Top of Records to process

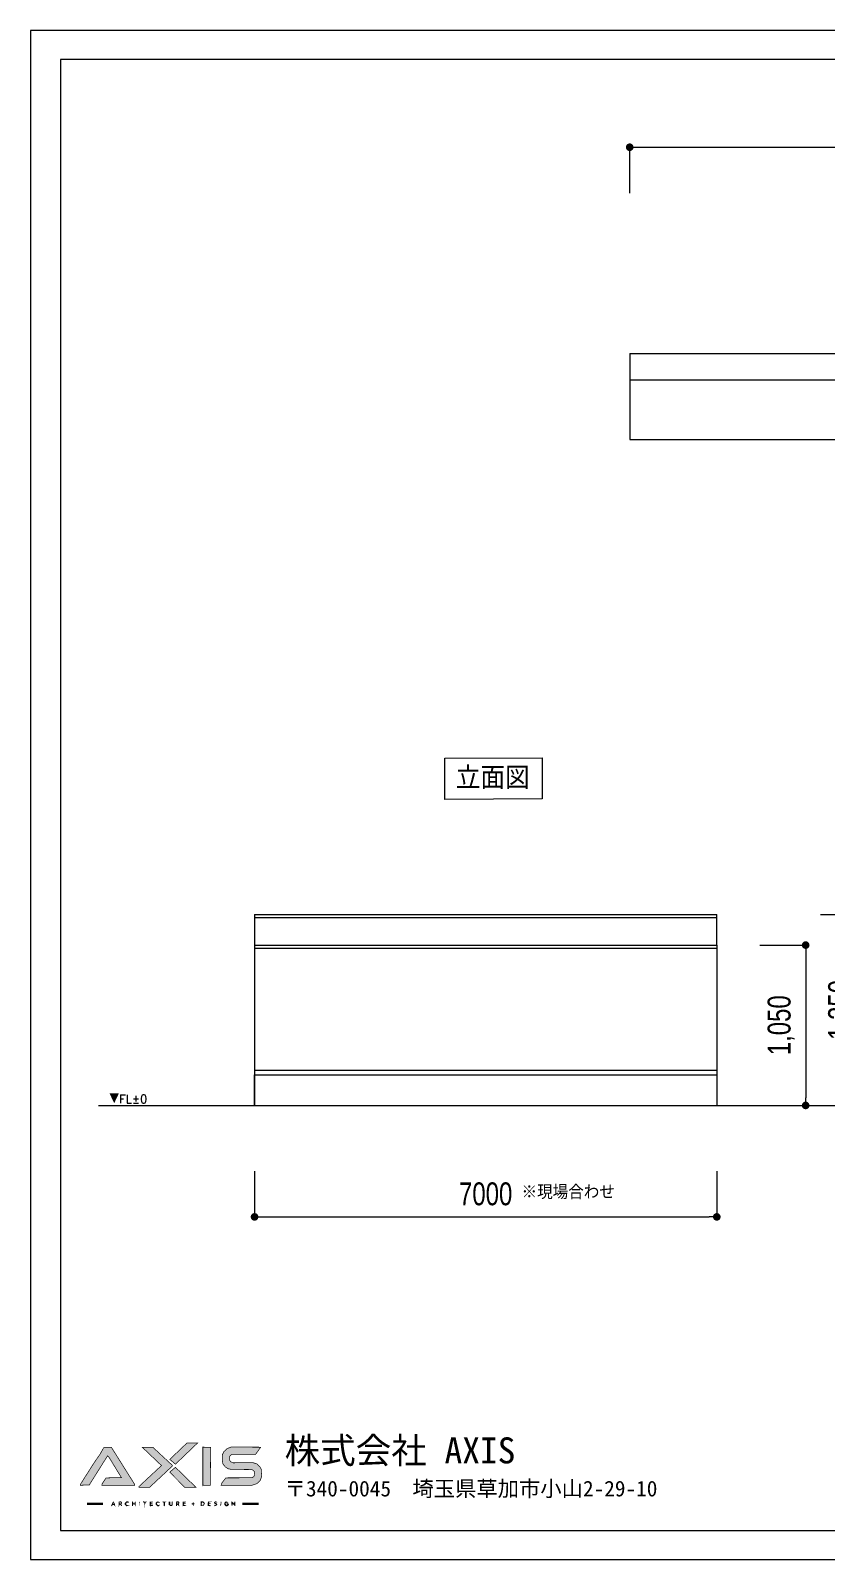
# Model space of a CAD drawing. Header units: millimetres. Extents: x -472210 to 610932, y -1721835 to -571782.
# Drawn here: x 548636 to 553839, y -1708993 to -1698981 of the extents above; entities that cross this region are included whole.
import ezdxf
from ezdxf import colors
from ezdxf.entities.mleader import LeaderData, LeaderLine
from ezdxf.math import Vec2, Vec3

# ---------------------------------------------------------------- set-up
doc = ezdxf.new("R2010")
doc.units = ezdxf.units.MM
doc.header["$LTSCALE"] = 400
doc.layers.get('0').update_dxf_attribs({"lineweight": 5})
doc.layers.add('_0-0_0', color=7, linetype='Continuous', lineweight=5)
doc.layers.add('LOGO_DARK', color=7, linetype='Continuous', true_color=0x131b00)
doc.layers.add('LOGO_ORANGE', color=7, linetype='Continuous', true_color=0xdc6700)
doc.styles.add('AIDRAW_TXT_STYLE', font='simplex.shx', dxfattribs={"height": 200, "bigfont": 'extfont2.shx'})
doc.styles.add('gothic', font='MS PGothic.ttf', dxfattribs={"width": 0.8})
doc.styles.get("Standard").update_dxf_attribs({"font": 'simplex.shx', "bigfont": 'extfont2.shx'})
doc.styles.add('小岩', font='MS Mincho.ttf', dxfattribs={"height": 150})
doc.dimstyles.new('外構300', dxfattribs={"dimtxt": 150, "dimasz": 50, "dimexe": 0, "dimexo": 200, "dimgap": 75, "dimtad": 1, "dimdec": 0, "dimzin": 12, "dimdsep": 46, "dimlunit": 6, "dimtxsty": 'gothic', "dimblk": 'DOT', "dimcen": 0, "dimclrd": 256, "dimclre": 256, "dimclrt": 256, "dimadec": 0, "dimazin": 0, "dimtfac": 1, "dimtdec": 0, "dimtix": 1, "dimtmove": 2, "dimatfit": 3, "dimldrblk": 'DOT', "dimfxl": 300, "dimfxlon": 1, "dimtolj": 1, "dimtzin": 12, "dimlwd": -1, "dimlwe": -1, "dimarcsym": 0})

# ---------------------------------------------------------------- blocks, each defined once
blk = doc.blocks.new('_Dot')
at = {"color": 0, "linetype": 'ByBlock', "lineweight": -2}
blk.add_line((-0.5, 0), (-1, 0), dxfattribs=at)
at = {"color": 0, "linetype": 'ByBlock', "const_width": 0.5}
blk.add_lwpolyline([(-0.25, 0, 1), (0.25, 0, 1)], format="xyb", close=True, dxfattribs=at)
blk = doc.blocks.new('*D375')
at = {"layer": '_0-0_0', "transparency": 16777216}
for p, q in [((553806, -1704770), (554106, -1704770)), ((554106, -1704820), (554106, -1705970)), ((553806, -1706020), (554106, -1706020))]:
    blk.add_line(p, q, dxfattribs=at)
at = {"layer": 'Defpoints', "color": 0, "transparency": 16777216}
for p in [(552776, -1704770), (552776, -1706020), (554106, -1706020)]:
    blk.add_point(p, dxfattribs=at)
at = {"layer": '_0-0_0', "transparency": 16777216, "xscale": 50, "yscale": 50, "zscale": 50}
for p, rotation in [((554106, -1704770), 90), ((554106, -1706020), 270)]:
    blk.add_blockref('_Dot', p, dxfattribs=dict(at, rotation=rotation))
at = {"layer": '_0-0_0', "transparency": 16777216, "insert": (553946, -1705395), "char_height": 150, "attachment_point": 5, "rotation": 90, "style": 'gothic'}
blk.add_mtext('\\A1;1,250', dxfattribs=at)
blk = doc.blocks.new('*D376')
at = {"layer": '_0-0_0', "transparency": 16777216}
for p, q in [((553410, -1704970), (553710, -1704970)), ((553710, -1705020), (553710, -1705970)), ((553410, -1706020), (553710, -1706020))]:
    blk.add_line(p, q, dxfattribs=at)
at = {"layer": 'Defpoints', "color": 0, "transparency": 16777216}
for p in [(552823, -1704970), (552823, -1706020), (553710, -1706020)]:
    blk.add_point(p, dxfattribs=at)
at = {"layer": '_0-0_0', "transparency": 16777216, "xscale": 50, "yscale": 50, "zscale": 50}
for p, rotation in [((553710, -1704970), 90), ((553710, -1706020), 270)]:
    blk.add_blockref('_Dot', p, dxfattribs=dict(at, rotation=rotation))
at = {"layer": '_0-0_0', "transparency": 16777216, "insert": (553550, -1705495), "char_height": 150, "attachment_point": 5, "rotation": 90, "style": 'gothic'}
blk.add_mtext('\\A1;1,050', dxfattribs=at)
blk = doc.blocks.new('*D377')
at = {"layer": '_0-0_0', "transparency": 16777216}
for p, q in [((550102, -1706450), (550102, -1706750)), ((553128, -1706450), (553128, -1706750)), ((550152, -1706750), (553078, -1706750))]:
    blk.add_line(p, q, dxfattribs=at)
at = {"layer": 'Defpoints', "color": 0, "transparency": 16777216}
for p in [(550102, -1705732), (553128, -1705732), (553128, -1706750)]:
    blk.add_point(p, dxfattribs=at)
at = {"layer": '_0-0_0', "transparency": 16777216, "xscale": 50, "yscale": 50, "zscale": 50, "rotation": 180}
blk.add_blockref('_Dot', (550102, -1706750), dxfattribs=at)
at = {"layer": '_0-0_0', "transparency": 16777216, "xscale": 50, "yscale": 50, "zscale": 50}
blk.add_blockref('_Dot', (553128, -1706750), dxfattribs=at)
at = {"layer": '_0-0_0', "transparency": 16777216, "insert": (551615, -1706600), "char_height": 150, "width": 366.14, "attachment_point": 5, "style": 'gothic'}
blk.add_mtext('\\A1;7000', dxfattribs=at)
blk = doc.blocks.new('*D395')
at = {"transparency": 16777216}
for p, q in [((552558, -1700045), (552558, -1699745)), ((552608, -1699745), (559508, -1699745)), ((559558, -1700045), (559558, -1699745))]:
    blk.add_line(p, q, dxfattribs=at)
at = {"layer": 'Defpoints', "color": 0, "transparency": 16777216}
for p in [(559558, -1699745), (552558, -1701097), (559558, -1701097)]:
    blk.add_point(p, dxfattribs=at)
at = {"transparency": 16777216, "xscale": 50, "yscale": 50, "zscale": 50, "rotation": 180}
blk.add_blockref('_Dot', (552558, -1699745), dxfattribs=at)
at = {"transparency": 16777216, "xscale": 50, "yscale": 50, "zscale": 50}
blk.add_blockref('_Dot', (559558, -1699745), dxfattribs=at)
at = {"transparency": 16777216, "insert": (556058, -1699584), "char_height": 150, "attachment_point": 5, "style": 'gothic'}
blk.add_mtext('\\A1;7,000', dxfattribs=at)

msp = doc.modelspace()

# ---------------------------------------------------------------- hatches: boundary and pattern name
at = {"layer": 'LOGO_DARK', "true_color": 0x131a00}
for points in [[(548961.68, -1708507.39), (549019.81, -1708505.77), (549139.73, -1708314.71), (549149.08, -1708324.06), (549229.97, -1708456.99), (549129.57, -1708459.43), (549104.36, -1708497.64), (549102.33, -1708507.39), (549316.56, -1708507.39), (549317.78, -1708502.92), (549165.34, -1708259.83), (549119.81, -1708258.21), (549114.53, -1708261.05), (549090.54, -1708304.14), (549050.71, -1708361.46), (548962.09, -1708501.3)], [(549435.66, -1708258.62), (549368.18, -1708259.83), (549492.57, -1708378.53), (549345.01, -1708515.93), (549344.61, -1708521.21), (549413.71, -1708522.03), (549564.12, -1708381.38), (549563.71, -1708376.91)], [(549763.3, -1708257.8), (549763.3, -1708506.17), (549765.34, -1708502.92), (549765.74, -1708507.39), (549812.9, -1708507.39), (549814.12, -1708259.83)], [(549901.92, -1708286.26), (549892.16, -1708306.18), (549890.54, -1708347.64), (549895.01, -1708367.56), (549910.46, -1708387.48), (549929.16, -1708399.67), (549951.11, -1708403.74), (550084.85, -1708404.55), (550100.29, -1708416.74), (550102.73, -1708437.88), (550097.85, -1708450.08), (550085.66, -1708458.61), (549913.71, -1708459.02), (549887.29, -1708493.57), (549882.81, -1708507.39), (550086.47, -1708507.39), (550116.55, -1708497.23), (550139.32, -1708476.5), (550148.26, -1708449.67), (550146.23, -1708403.33), (550136.88, -1708386.66), (550116.55, -1708367.56), (550092.16, -1708359.83), (549961.27, -1708360.65), (549944.6, -1708352.92), (549938.5, -1708341.95), (549939.32, -1708318.78), (549946.63, -1708309.43), (549958.02, -1708304.55), (550109.24, -1708304.14), (550142.16, -1708258.21), (549948.67, -1708257.4), (549923.06, -1708267.15)], [(549273.88, -1708614.3), (549262.9, -1708615.12), (549253.14, -1708624.87), (549253.14, -1708632.6), (549264.12, -1708643.98), (549278.75, -1708638.29), (549266.15, -1708638.69), (549260.46, -1708631.78), (549260.87, -1708624.06), (549266.15, -1708619.18), (549278.35, -1708620.4)], [(549301.52, -1708615.12), (549301.11, -1708641.95), (549304.36, -1708642.35), (549306.8, -1708630.97), (549316.96, -1708630.56), (549322.66, -1708643.17), (549323.47, -1708615.52), (549317.37, -1708617.96), (549317.37, -1708626.09), (549308.43, -1708626.5), (549305.18, -1708615.93)], [(549348.27, -1708614.71), (549349.08, -1708643.17), (549351.11, -1708616.74)], [(549373.47, -1708614.71), (549372.66, -1708618.37), (549380.79, -1708620.4), (549383.63, -1708643.98), (549385.26, -1708622.03), (549395.01, -1708616.34)], [(549416.15, -1708615.12), (549415.34, -1708641.13), (549419, -1708643.98), (549436.07, -1708641.95), (549433.22, -1708636.25), (549423.47, -1708638.69), (549419.81, -1708633.82), (549433.63, -1708629.75), (549432.41, -1708626.5), (549422.66, -1708626.5), (549421.44, -1708619.99), (549436.07, -1708618.37), (549437.29, -1708615.12)], [(549465.34, -1708614.71), (549456.8, -1708622.84), (549456.8, -1708634.22), (549465.34, -1708643.17), (549474.69, -1708643.98), (549480.38, -1708636.66), (549466.96, -1708638.29), (549461.27, -1708626.09), (549467.37, -1708619.18), (549477.94, -1708621.62), (549479.97, -1708617.96)], [(549501.92, -1708614.71), (549500.7, -1708618.37), (549508.02, -1708619.99), (549506.8, -1708638.69), (549513.71, -1708642.76), (549514.52, -1708619.59), (549521.84, -1708615.93)], [(549541.35, -1708616.34), (549540.95, -1708634.22), (549550.7, -1708642.76), (549559.24, -1708642.76), (549565.34, -1708636.66), (549565.74, -1708615.93), (549561.27, -1708615.93), (549561.27, -1708633.41), (549556.39, -1708638.29), (549548.67, -1708635.44), (549549.08, -1708617.15)], [(549651.52, -1708615.12), (549632.41, -1708615.52), (549633.22, -1708643.57), (549653.55, -1708640.73), (549636.88, -1708635.44), (549638.91, -1708630.56), (549650.7, -1708628.12), (549640.13, -1708626.5), (549636.47, -1708621.62), (549649.89, -1708619.18)], [(549797.45, -1708614.71), (549796.23, -1708641.54), (549811.27, -1708643.98), (549815.34, -1708639.51), (549802.33, -1708638.29), (549801.92, -1708631.38), (549813.71, -1708627.72), (549803.14, -1708626.5), (549801.92, -1708619.99), (549816.96, -1708616.34)], [(549851.11, -1708614.71), (549843.38, -1708614.3), (549837.29, -1708620.4), (549842.98, -1708631.38), (549851.11, -1708632.6), (549848.26, -1708638.69), (549837.69, -1708637.07), (549842.57, -1708643.98), (549858.02, -1708635.85), (549852.33, -1708626.5), (549844.2, -1708622.84), (549845.42, -1708618.78), (549855.99, -1708619.59)], [(549880.38, -1708614.71), (549878.75, -1708640.32), (549882, -1708642.76), (549885.66, -1708616.74)], [(549914.93, -1708614.71), (549905.58, -1708622.84), (549905.58, -1708634.22), (549914.52, -1708643.57), (549923.06, -1708643.98), (549932.41, -1708635.85), (549932, -1708629.34), (549925.09, -1708625.28), (549918.59, -1708628.94), (549924.68, -1708632.19), (549922.65, -1708638.29), (549912.9, -1708635.44), (549912.08, -1708622.03), (549928.34, -1708619.18)], [(549951.92, -1708615.12), (549952.33, -1708643.17), (549955.17, -1708643.17), (549958.02, -1708626.09), (549973.87, -1708643.57), (549975.09, -1708615.52), (549970.62, -1708615.93), (549967.77, -1708631.38), (549961.68, -1708620.81)]]:
    msp.add_hatch(color=88, dxfattribs=at).paths.add_polyline_path(points)
h = msp.add_hatch(color=88, dxfattribs=at)
h.paths.add_polyline_path([(549176.32, -1708614.71), (549164.12, -1708641.95), (549167.37, -1708643.17), (549172.66, -1708635.44), (549181.6, -1708635.44), (549188.51, -1708643.98), (549187.29, -1708630.97)])
h.paths.add_polyline_path([(549176.72, -1708622.84), (549180.79, -1708627.31), (549178.75, -1708631.78), (549174.28, -1708630.16)])
h = msp.add_hatch(color=88, dxfattribs=at)
h.paths.add_polyline_path([(549227.53, -1708613.49), (549212.49, -1708615.93), (549214.12, -1708643.98), (549217.78, -1708633.41), (549223.88, -1708633.41), (549229.97, -1708643.57), (549233.63, -1708641.95), (549228.75, -1708632.6), (549234.04, -1708622.03)])
h.paths.add_polyline_path([(549216.56, -1708622.84), (549219.4, -1708618.78), (549225.91, -1708619.18), (549229.57, -1708624.87), (549221.03, -1708628.94)])
h = msp.add_hatch(color=88, dxfattribs=at)
h.paths.add_polyline_path([(549588.51, -1708615.12), (549588.91, -1708643.17), (549592.17, -1708643.17), (549594.61, -1708632.6), (549609.24, -1708643.57), (549605.17, -1708633.82), (549609.24, -1708619.18), (549603.55, -1708614.3)])
h.paths.add_polyline_path([(549592.17, -1708622.43), (549601.11, -1708618.78), (549605.58, -1708624.87), (549595.01, -1708628.12)])
h = msp.add_hatch(color=88, dxfattribs=at)
h.paths.add_polyline_path([(549750.29, -1708615.12), (549749.48, -1708641.54), (549768.99, -1708639.91), (549775.9, -1708624.47), (549764.93, -1708614.3)])
h.paths.add_polyline_path([(549757.21, -1708618.78), (549768.99, -1708624.47), (549768.99, -1708633.41), (549757.21, -1708638.29), (549755.17, -1708633)])
at = {"layer": 'LOGO_ORANGE', "true_color": 0xdd6700}
for points in [[(549729.56, -1708230.16), (549659.65, -1708230.57), (549547.04, -1708338.29), (549584.04, -1708369.59)], [(549546.64, -1708422.03), (549645.01, -1708520.81), (549717.37, -1708520), (549583.63, -1708389.91)], [(549005.18, -1708621.62), (549110.06, -1708621.62), (549110.06, -1708636.25), (549005.18, -1708636.25)], [(549699.89, -1708618.78), (549697.45, -1708626.5), (549692.17, -1708626.09), (549690.13, -1708630.16), (549696.64, -1708631.78), (549701.51, -1708641.13), (549702.33, -1708632.6), (549710.86, -1708628.94), (549703.95, -1708627.72)], [(550022.24, -1708621.62), (550127.12, -1708621.62), (550127.12, -1708636.25), (550022.24, -1708636.25)]]:
    msp.add_hatch(color=32, dxfattribs=at).paths.add_polyline_path(points)

# ---------------------------------------------------------------- linework, layer by layer
for p, q in [((552558.38, -1701096.75), (552558.38, -1701659.25)), ((552558.38, -1701096.75), (559558.38, -1701096.75)), ((552558.38, -1701096.75), (552558.38, -1701109.25)), ((552558.38, -1701109.25), (552558.38, -1701659.25)), ((552558.38, -1701109.25), (552558.38, -1701269.25)), ((552558.38, -1701269.25), (559558.38, -1701269.25)), ((552558.38, -1701659.25), (559558.38, -1701659.25))]:
    msp.add_line(p, q)
for points in [[(548635.74, -1698981.06), (548635.74, -1708993.22), (562794.34, -1708993.22), (562794.34, -1698981.06)], [(548635.74, -1698981.06), (548635.74, -1708993.22), (562794.34, -1708993.22), (562794.34, -1698981.06)], [(548832.46, -1708803.54), (562597.63, -1708803.54), (562597.63, -1699170.74), (548832.46, -1699170.74)], [(548832.46, -1708803.54), (562597.63, -1708803.54), (562597.63, -1699170.74), (548832.46, -1699170.74)]]:
    msp.add_lwpolyline(points, close=True)
at = {"layer": '_0-0_0'}
for p, q in [((550101.81, -1704770.37), (553127.59, -1704770.37)), ((550101.81, -1704770.37), (550101.81, -1706020.37)), ((550101.81, -1704790.37), (553127.59, -1704790.37)), ((553127.59, -1704970.37), (553127.59, -1704770.37)), ((550101.81, -1704970.37), (553127.59, -1704970.37)), ((550101.81, -1704990.37), (553127.59, -1704990.37)), ((553127.59, -1704970.37), (553127.59, -1706020.37)), ((550101.81, -1705788.37), (553127.59, -1705788.37)), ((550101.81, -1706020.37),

Bottom of Records to process

From the opening line of the listing above through the line bearing "from ezdxf import colors", repeat each line exactly. Drop every picture.

# Model space of a CAD drawing. Header units: millimetres. Extents: x -472210 to 610932, y -1721835 to -571782.
# Drawn here: x 548636 to 553839, y -1708993 to -1698981 of the extents above; entities that cross this region are included whole.
import ezdxf
from ezdxf import colors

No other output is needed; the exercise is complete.